I have requested an RA at this point and when I have to pay for return shipping to HK Im going to be HIGHLY "MAD"


----------



## AudiocRaver (Jun 6, 2012)

Wow, not quite sure what to suggest. The demo unit I was sent for review has behaved perfectly. I am aware there is a firmware upgrade and have shied away from doing it for now because it did not appear to be needed and I did not want to get into trouble fixing something that was "not broke." I tend to shy from firmware upgrades in general unless a known problem is being addressed and I expect to experience improvement by applying it. Chicken, I guess. I bricked a perfectly good router a year ago with such an upgrade, and a printer, too, swore I would not apply another without good reason.

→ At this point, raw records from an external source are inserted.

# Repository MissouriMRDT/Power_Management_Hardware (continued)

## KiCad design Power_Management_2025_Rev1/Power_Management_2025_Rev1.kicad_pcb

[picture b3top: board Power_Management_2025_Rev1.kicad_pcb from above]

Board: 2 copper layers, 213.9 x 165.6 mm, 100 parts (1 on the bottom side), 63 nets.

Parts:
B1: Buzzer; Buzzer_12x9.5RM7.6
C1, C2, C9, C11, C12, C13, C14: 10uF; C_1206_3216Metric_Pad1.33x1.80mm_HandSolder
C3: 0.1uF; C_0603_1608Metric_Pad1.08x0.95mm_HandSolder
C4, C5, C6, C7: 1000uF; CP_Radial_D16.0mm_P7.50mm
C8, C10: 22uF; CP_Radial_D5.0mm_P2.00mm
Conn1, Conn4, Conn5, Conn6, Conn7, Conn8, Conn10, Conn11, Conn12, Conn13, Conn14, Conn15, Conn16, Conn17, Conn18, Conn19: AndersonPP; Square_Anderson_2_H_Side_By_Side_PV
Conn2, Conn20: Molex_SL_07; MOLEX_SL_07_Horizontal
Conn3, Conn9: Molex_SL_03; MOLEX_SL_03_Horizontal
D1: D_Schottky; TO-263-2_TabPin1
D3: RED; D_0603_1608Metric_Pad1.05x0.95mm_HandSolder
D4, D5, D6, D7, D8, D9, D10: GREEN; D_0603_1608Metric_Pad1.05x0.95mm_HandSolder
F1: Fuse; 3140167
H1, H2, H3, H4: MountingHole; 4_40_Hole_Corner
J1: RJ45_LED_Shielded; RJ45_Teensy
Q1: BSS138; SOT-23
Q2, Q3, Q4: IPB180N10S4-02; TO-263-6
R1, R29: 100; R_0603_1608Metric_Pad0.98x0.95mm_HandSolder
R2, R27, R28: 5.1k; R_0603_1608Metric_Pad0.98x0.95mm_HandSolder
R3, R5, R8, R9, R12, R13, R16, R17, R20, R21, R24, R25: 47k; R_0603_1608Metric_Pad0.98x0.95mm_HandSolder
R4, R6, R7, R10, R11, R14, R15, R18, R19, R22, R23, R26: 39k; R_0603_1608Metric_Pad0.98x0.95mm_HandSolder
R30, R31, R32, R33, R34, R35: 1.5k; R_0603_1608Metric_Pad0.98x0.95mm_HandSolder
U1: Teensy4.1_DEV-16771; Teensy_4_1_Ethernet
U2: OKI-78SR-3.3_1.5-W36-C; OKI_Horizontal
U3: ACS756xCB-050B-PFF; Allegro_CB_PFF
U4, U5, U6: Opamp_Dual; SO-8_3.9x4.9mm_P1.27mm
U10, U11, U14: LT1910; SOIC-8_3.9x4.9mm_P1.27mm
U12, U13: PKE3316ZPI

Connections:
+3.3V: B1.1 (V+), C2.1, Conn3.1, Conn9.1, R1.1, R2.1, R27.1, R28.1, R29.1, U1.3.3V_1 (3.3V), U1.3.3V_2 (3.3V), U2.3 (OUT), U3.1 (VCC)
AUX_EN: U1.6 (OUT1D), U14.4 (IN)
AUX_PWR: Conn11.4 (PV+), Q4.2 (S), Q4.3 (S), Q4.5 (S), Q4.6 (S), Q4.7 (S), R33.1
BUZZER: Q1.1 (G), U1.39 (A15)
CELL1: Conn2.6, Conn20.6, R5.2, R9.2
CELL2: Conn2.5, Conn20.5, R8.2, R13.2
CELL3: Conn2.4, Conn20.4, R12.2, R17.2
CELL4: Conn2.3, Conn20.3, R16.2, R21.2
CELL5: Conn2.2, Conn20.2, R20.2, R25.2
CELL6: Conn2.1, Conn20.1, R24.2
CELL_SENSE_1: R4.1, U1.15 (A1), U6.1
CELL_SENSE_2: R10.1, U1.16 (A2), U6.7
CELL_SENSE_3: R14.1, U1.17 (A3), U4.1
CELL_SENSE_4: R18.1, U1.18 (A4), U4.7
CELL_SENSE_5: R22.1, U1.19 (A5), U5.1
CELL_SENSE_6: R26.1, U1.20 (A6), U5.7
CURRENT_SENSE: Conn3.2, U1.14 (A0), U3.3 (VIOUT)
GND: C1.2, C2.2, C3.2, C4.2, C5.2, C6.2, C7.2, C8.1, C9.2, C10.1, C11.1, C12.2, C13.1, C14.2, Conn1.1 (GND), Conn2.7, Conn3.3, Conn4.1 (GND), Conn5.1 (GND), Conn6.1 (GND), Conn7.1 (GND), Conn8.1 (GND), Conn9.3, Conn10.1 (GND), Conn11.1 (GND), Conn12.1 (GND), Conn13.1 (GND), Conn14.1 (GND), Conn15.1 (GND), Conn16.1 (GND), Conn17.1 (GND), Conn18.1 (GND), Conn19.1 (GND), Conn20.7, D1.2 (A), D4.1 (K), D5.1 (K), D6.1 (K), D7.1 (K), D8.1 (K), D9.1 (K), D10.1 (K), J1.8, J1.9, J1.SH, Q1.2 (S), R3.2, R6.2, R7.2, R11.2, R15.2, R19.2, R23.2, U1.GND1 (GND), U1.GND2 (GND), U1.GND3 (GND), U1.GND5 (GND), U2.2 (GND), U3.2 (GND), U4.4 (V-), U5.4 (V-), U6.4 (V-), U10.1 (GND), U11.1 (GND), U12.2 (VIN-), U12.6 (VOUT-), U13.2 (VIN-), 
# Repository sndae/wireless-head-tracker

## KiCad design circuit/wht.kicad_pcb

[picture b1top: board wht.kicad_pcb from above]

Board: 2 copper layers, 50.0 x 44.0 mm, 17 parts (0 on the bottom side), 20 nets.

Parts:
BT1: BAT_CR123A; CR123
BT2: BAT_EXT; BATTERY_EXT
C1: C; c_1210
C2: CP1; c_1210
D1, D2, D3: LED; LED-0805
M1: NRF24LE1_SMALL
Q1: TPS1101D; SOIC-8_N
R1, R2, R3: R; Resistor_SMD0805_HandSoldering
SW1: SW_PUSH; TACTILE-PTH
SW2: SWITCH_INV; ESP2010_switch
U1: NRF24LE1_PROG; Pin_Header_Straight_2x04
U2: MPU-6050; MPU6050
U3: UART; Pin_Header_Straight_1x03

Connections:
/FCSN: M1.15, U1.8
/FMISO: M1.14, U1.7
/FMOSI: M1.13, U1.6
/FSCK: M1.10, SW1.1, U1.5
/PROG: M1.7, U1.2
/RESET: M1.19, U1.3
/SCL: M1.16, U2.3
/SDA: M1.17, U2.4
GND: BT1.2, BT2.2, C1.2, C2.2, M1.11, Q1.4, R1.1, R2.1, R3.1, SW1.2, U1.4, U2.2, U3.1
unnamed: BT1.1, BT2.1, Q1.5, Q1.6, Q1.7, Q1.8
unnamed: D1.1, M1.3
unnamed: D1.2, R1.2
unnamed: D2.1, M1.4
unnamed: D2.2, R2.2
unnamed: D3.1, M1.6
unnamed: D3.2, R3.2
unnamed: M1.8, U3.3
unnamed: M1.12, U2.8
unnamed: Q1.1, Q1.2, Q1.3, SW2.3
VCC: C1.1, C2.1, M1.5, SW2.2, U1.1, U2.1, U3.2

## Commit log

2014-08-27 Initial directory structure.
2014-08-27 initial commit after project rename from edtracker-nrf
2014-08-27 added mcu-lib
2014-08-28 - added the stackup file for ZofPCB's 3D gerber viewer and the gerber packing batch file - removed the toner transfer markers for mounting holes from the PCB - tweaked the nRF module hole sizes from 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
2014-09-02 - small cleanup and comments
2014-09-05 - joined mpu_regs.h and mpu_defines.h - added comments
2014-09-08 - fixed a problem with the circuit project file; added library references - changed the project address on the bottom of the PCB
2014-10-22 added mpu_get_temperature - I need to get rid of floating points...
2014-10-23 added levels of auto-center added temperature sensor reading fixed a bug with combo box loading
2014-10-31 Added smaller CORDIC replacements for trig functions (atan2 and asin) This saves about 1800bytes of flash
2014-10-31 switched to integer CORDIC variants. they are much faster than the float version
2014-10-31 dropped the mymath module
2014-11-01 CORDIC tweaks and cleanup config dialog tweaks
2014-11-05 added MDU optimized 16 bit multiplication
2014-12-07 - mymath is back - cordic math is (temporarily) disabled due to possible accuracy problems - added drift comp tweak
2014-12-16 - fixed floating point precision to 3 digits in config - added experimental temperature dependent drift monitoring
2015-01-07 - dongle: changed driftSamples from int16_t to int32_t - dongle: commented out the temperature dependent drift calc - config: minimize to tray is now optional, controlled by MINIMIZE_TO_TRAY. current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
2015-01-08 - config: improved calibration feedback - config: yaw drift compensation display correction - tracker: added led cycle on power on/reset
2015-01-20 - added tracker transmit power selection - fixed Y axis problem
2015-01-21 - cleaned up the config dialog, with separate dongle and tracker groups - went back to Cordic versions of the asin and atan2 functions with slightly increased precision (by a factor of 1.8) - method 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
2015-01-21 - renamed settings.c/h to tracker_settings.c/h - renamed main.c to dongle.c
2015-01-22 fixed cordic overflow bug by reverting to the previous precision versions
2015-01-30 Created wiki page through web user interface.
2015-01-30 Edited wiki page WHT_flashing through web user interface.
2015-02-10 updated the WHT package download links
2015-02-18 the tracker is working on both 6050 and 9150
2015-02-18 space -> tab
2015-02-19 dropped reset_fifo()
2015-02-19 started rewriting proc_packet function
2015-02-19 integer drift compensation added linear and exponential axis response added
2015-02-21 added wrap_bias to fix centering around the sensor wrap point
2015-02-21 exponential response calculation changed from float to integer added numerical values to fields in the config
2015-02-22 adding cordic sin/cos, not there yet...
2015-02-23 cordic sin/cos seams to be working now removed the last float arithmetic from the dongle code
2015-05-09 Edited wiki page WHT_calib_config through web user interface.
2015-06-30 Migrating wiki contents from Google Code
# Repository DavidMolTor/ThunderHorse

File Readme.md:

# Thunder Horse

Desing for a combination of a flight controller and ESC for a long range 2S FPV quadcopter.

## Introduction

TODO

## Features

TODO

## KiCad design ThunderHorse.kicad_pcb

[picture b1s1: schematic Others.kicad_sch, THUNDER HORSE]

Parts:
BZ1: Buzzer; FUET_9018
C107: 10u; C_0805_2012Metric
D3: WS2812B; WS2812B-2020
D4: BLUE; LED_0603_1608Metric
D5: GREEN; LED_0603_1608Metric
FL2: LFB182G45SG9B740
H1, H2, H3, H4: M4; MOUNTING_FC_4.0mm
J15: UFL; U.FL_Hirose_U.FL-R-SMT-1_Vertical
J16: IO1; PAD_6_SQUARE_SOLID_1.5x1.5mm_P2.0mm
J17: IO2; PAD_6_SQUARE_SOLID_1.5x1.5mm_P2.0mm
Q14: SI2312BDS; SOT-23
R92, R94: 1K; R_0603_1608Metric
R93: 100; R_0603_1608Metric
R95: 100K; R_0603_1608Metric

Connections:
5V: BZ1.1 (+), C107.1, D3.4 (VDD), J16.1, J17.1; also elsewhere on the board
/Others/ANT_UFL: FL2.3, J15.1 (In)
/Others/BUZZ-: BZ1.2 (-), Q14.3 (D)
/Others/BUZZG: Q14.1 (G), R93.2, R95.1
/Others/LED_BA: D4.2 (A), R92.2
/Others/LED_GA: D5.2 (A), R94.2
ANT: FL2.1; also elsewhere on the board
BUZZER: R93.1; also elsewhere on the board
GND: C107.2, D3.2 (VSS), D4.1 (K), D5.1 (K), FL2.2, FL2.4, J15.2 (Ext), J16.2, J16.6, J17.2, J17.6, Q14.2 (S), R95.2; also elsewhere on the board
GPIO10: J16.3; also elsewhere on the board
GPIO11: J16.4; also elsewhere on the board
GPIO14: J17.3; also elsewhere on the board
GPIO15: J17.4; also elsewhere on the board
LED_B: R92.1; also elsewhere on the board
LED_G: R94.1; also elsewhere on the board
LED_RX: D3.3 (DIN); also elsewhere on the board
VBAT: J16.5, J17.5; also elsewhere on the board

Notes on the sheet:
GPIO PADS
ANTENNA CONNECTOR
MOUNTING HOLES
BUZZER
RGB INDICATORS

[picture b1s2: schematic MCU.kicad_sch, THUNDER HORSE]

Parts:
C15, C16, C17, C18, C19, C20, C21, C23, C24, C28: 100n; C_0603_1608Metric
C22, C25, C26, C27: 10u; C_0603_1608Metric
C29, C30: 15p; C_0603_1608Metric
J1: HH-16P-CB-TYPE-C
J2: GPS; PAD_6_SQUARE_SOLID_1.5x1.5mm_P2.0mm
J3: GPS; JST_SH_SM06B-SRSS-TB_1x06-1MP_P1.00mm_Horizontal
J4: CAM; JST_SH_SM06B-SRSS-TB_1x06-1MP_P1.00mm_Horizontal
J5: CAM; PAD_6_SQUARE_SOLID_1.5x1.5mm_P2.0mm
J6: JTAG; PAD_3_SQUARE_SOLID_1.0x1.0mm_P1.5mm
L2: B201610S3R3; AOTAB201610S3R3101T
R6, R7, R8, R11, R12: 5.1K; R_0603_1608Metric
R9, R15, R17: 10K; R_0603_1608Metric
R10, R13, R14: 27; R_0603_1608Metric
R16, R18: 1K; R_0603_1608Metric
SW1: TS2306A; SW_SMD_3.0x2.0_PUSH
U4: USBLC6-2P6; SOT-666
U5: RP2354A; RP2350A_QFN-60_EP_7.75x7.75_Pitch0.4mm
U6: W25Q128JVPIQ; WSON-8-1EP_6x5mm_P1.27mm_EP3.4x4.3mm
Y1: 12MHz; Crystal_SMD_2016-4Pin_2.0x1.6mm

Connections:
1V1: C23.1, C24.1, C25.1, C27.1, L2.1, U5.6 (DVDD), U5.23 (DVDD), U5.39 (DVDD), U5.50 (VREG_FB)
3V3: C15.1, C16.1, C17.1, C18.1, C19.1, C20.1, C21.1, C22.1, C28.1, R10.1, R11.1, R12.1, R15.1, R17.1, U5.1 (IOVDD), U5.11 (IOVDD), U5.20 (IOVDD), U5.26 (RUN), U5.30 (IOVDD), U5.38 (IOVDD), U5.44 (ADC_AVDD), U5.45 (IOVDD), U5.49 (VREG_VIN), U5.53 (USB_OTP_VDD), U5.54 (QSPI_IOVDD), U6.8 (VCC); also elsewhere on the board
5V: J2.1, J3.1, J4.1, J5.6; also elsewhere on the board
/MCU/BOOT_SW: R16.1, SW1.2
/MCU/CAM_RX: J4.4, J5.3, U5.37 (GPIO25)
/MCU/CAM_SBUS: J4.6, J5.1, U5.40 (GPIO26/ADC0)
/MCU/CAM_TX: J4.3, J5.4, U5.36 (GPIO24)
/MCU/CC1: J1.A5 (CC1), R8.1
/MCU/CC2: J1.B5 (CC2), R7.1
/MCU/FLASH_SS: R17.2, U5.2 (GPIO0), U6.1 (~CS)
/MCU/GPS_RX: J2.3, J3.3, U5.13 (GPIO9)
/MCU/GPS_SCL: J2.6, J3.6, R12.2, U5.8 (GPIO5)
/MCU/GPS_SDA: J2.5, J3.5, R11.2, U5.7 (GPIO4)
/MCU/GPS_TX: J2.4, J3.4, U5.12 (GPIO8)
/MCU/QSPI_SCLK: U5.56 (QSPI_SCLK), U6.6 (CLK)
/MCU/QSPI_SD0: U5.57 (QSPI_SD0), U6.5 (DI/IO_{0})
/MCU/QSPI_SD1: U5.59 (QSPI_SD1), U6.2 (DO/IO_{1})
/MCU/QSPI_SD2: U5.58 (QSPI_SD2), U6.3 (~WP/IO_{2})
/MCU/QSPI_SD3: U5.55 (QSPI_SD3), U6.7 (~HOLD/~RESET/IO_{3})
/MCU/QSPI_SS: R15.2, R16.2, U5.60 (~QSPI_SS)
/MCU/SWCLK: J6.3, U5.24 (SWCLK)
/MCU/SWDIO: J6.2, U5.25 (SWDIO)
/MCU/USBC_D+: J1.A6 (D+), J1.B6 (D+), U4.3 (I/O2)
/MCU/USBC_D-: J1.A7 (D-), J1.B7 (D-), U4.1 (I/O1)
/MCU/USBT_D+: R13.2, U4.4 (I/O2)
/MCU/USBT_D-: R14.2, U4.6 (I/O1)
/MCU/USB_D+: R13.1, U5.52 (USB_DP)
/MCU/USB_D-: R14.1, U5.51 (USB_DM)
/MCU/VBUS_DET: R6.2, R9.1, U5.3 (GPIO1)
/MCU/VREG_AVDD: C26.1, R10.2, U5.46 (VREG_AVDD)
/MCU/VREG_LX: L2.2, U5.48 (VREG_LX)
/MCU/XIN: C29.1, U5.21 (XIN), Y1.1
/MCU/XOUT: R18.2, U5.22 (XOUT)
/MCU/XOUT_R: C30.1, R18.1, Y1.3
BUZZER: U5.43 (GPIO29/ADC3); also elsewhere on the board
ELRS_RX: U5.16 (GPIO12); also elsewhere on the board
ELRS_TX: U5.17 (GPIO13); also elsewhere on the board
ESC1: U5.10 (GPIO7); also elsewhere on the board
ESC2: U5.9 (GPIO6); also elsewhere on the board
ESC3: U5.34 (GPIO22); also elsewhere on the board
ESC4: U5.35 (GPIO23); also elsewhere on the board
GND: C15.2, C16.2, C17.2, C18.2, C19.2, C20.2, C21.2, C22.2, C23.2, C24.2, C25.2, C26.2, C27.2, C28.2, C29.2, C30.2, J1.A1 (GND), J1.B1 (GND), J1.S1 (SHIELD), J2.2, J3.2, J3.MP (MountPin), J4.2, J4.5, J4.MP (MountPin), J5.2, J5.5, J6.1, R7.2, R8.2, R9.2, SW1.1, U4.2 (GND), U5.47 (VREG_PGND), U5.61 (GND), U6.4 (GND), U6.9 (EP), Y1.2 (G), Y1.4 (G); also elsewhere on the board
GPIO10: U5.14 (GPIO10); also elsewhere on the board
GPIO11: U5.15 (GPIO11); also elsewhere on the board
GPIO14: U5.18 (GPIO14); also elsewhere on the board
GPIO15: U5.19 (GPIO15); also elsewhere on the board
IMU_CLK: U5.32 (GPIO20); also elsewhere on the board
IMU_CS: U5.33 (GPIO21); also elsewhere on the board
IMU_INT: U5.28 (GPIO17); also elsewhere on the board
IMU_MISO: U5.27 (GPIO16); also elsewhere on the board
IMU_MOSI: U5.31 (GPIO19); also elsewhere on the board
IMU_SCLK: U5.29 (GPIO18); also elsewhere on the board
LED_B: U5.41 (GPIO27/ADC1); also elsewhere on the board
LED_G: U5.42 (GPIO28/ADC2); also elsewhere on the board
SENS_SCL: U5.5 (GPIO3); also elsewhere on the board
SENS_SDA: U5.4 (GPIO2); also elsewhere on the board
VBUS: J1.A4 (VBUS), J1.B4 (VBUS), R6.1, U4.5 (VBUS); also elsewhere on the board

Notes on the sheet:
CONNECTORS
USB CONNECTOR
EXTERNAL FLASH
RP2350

I have not had any trouble with any equipment miniDSP has sent me. I understand also that diagnosing via internet/phone/logs is difficult, getting the unit into their hands gives them max chance of figuring out any issues for you and for the rest of us and future customers. I understand your frustration, though.


----------



## AudiocRaver (Jun 6, 2012)

How about power supply? Is the connector a firm/snug fit? What is the rated current?

Don't remember what I was sent, I am using a 12V 3.3A supply.


----------



## RTS100x5 (Sep 12, 2009)

UPDATE - Before sending my unit back to HK I thought I would give it one more chance with a new sweep measurement ,,, While setting the mic up it occured to me that although DevTeam had sent me a beta FW file - I had not made any new sweep measurements with that FW
STUPID ME --- I was still using the OLD config file ,,,,

As of 3 hours ago having made a new config measurement I have NOT heard a single pop sound from any channel !!!!

Trying not to get too excited too fast but so far its night and day !!!! NO POPPING SOUNDS

I did notice something during this calibration setup... Once the mic/gain level was set to just below -24db, if I let it sit there after about 1 minute the level rose to about 3-4db above -24.... obviously nothing in my room is getting louder so I did reduce the mic/gain level to compensate for this and ran an new sweep...
NOW I have NO POPPING SOUNDS !! Im so relieved !!!!


----------



## AudiocRaver (Jun 6, 2012)

RTS100x5 said:


> UPDATE - Before sending my unit back to HK I thought I would give it one more chance with a new sweep measurement ,,, While setting the mic up it occured to me that although DevTeam had sent me a beta FW file - I had not made any new sweep measurements with that FW
> STUPID ME --- I was still using the OLD config file ,,,,
> 
> As of 3 hours ago having made a new config measurement I have NOT heard a single pop sound from any channel !!!!
> ...


FANTASTIC!

A note on the DL calibration levels. The level bars on the Levels page can be changed by the mouse scroll wheel (apologies if you already know this). That can be really handy, but can also get you thinking there are some Tiny Demons (listen to the song by Todd Rundgren - bonus track on his Healing album).in your system. Any possibility that is the cause of the mic gain change?


----------



## RTS100x5 (Sep 12, 2009)

AudiocRaver said:


> FANTASTIC!
> 
> A note on the DL calibration levels. The level bars on the Levels page can be changed by the mouse scroll wheel (apologies if you already know this). That can be really handy, but can also get you thinking there are some Tiny Demons (listen to the song by Todd Rundgren - bonus track on his Healing album).in your system. Any possibility that is the cause of the mic gain change?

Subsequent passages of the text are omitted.